There has been enough outcry to stop (more likely, delay; the team is already hard at work trying to change their critics’ minds) The Controlled Stratospheric Disturbance Experiment. Environmentalists protested, as did indigenous peoples, with a council leader from Sweden’s Saami reindeer herders writing that this scheme was “completely against what we need to do now—transform to zero-carbon societies in harmony with nature.”

My usual instincts would be to applaud a bold entrepreneur and to respect scientific research at a top-flight university. But I am jaded, these days, and more inclined to side with the reindeer herders. It is wearying, the way we always try to control, rather than heal; to manipulate the environment rather than change our own behavior.

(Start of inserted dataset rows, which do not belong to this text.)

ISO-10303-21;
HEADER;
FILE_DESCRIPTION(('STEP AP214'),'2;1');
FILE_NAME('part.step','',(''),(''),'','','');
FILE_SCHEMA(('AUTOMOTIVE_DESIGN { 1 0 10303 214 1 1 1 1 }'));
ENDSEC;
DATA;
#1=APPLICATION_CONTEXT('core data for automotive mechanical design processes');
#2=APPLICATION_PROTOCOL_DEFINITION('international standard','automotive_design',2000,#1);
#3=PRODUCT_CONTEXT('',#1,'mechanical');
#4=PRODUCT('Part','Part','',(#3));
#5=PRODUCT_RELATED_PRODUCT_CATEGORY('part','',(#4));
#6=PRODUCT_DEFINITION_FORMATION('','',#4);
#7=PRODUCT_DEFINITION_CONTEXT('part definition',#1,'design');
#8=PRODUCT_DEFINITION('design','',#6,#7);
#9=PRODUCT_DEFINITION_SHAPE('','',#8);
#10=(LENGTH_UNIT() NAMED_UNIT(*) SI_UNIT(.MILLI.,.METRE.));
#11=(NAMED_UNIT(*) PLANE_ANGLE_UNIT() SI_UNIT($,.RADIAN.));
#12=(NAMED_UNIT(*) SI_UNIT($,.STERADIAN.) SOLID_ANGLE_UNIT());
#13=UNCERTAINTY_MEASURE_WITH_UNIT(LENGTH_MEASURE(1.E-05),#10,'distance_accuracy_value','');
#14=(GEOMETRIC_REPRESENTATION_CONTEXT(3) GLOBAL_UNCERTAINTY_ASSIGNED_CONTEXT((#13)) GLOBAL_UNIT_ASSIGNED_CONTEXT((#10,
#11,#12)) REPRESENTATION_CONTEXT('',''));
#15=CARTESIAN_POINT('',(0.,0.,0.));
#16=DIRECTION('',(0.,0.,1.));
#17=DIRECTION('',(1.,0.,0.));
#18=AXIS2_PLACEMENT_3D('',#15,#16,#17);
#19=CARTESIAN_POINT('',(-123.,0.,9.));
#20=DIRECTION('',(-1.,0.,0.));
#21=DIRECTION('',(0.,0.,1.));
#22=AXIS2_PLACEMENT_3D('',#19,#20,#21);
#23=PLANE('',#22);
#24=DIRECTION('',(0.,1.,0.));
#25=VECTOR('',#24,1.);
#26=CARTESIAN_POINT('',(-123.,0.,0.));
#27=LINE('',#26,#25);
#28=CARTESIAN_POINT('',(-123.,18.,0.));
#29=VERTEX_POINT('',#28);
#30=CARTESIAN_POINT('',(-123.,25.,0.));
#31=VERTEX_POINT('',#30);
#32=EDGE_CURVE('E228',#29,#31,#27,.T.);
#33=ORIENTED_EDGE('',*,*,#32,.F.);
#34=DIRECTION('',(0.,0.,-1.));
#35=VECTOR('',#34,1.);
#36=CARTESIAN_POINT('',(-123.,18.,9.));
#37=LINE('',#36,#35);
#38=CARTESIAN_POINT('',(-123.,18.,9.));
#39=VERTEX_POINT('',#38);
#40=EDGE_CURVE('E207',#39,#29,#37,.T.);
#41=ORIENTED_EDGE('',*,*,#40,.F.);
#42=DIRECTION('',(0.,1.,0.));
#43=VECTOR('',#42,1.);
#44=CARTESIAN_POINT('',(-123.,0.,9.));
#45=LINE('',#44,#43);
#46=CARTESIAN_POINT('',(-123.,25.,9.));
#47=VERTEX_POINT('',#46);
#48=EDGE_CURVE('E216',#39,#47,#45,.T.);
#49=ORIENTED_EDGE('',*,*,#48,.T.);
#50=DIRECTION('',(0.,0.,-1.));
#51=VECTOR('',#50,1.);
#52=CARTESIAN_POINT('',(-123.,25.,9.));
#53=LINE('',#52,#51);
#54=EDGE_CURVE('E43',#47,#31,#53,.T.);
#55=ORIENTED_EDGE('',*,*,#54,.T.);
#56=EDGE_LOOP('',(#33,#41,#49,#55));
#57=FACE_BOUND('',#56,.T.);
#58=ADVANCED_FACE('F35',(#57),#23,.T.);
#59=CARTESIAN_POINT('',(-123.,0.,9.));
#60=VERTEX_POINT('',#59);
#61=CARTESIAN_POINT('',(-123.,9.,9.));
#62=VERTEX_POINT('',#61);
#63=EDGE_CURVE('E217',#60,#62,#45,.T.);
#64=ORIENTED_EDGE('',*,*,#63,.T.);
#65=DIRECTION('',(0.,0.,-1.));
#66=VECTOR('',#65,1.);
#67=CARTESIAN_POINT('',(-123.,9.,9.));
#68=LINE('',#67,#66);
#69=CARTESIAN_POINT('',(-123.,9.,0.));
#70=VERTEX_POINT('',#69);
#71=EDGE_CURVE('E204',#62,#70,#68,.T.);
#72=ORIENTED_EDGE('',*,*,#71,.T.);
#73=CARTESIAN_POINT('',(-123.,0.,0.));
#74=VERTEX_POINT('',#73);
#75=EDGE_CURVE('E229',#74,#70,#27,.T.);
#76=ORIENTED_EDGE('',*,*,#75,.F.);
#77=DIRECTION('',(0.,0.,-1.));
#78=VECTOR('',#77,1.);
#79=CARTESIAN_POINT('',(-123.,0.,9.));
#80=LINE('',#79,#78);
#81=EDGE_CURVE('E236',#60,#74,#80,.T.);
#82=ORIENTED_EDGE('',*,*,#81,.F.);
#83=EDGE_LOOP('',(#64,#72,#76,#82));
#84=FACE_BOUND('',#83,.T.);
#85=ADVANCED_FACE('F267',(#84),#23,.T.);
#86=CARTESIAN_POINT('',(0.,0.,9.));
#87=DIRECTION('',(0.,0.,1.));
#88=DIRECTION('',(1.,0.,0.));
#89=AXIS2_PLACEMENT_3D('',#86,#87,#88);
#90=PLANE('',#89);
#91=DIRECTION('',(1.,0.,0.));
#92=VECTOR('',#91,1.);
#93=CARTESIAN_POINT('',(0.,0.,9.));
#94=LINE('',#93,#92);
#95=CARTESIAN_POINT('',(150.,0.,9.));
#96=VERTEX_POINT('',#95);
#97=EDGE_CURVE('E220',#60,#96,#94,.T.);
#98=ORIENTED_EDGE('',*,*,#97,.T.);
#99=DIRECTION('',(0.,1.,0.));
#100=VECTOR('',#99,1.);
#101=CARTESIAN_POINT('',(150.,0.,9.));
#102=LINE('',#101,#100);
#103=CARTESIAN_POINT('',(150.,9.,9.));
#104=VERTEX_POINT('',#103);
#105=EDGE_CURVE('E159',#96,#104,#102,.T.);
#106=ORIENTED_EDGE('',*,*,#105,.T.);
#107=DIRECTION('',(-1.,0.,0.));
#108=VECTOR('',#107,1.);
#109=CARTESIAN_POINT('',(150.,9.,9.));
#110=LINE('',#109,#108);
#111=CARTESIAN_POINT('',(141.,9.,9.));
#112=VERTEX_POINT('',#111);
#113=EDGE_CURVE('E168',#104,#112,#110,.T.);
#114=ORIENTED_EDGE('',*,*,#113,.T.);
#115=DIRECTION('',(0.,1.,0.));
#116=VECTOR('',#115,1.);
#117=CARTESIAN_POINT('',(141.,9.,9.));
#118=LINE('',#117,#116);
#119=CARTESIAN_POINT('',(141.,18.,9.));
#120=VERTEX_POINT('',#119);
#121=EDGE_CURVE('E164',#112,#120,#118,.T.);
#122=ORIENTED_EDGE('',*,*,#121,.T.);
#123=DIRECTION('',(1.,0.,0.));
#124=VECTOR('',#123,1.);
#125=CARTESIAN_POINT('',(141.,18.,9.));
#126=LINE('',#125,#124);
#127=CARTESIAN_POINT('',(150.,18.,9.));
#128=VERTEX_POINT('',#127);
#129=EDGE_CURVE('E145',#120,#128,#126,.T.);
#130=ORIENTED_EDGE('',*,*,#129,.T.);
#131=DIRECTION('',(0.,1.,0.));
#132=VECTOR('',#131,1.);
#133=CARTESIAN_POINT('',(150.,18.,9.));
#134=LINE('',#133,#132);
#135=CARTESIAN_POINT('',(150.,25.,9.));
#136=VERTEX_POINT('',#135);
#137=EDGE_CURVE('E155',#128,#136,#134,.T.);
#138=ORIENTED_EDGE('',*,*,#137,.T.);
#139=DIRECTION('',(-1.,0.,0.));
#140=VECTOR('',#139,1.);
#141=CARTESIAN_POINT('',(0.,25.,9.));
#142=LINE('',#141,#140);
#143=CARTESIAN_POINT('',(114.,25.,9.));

Turning away from the poetic artifice of chalk skies, I read, between sneezes, an intriguing little article revealing that “botanical sexism” is to blame for flaring allergies. I thought it was only in my imagination that the wheezing and gagging were worse every year, but it turns out to be a problem of the patriarchy. “Male trees are one of the most significant reasons why allergies have gotten so bad for citydwellers,” the article notes. And why? That old Biblical problem of spilling seed any old place. Male trees are designed to spread their gametes as far as possible. The idea is for a female tree to trap some of that pollen and uses it to fertilize her seeds. But we did not plant female trees in cities, so the stuff just flies everywhere, coating park benches and glomming onto the moist, sticky lining of our nostrils.

Why plant only male trees? Because female trees are messy. They drop heavy, overripe fruit on our sparkly white sidewalks and throw off annoying seed pods that must be swept up. The male trees only scattered bright yellow pollen dust, which must have seemed less intrusive.

Horticulturist Tom Ogren stumbled upon the bias years ago, tracing it back to prescriptions like that in a 1949 USDA Yearbook of Agriculture: “For street plantings, only male trees should be selected, to avoid the nuisance from the seed.” And now? Walk down any city sidewalk and sex the trees. Male, male, male. Now even nurseries sell more male plants, which are quick and easy to clone from the existing trees. Natural reproduction requires more patience.

And so we sneeze, and walk around in a sleepy brain fog, and claw at itchy red eyes, and congratulate ourselves on managing the landscape.

In New World Same Humans, David Mattin labeled the chalky sunblock project yet another example of “technological solutionism.” “The phrase was coined by the technology thinker Evgeny Morozov, who used it to describe a worldview—common, he said, in Silicon Valley—in which the conditions of human life, including our greatest individual and collective challenges, are seen as only a set of technical problems to be engineered away.”

Planting only convenient trees is not a high-tech solution, but it smacks of the same short-sighted, human-centered thoughtlessness. And as usual, the joke is on us: Had we planted predominantly female trees, we would have been free of pollen and, without a lot of male trees spewing pollen, there would have been no messy fruit anyway.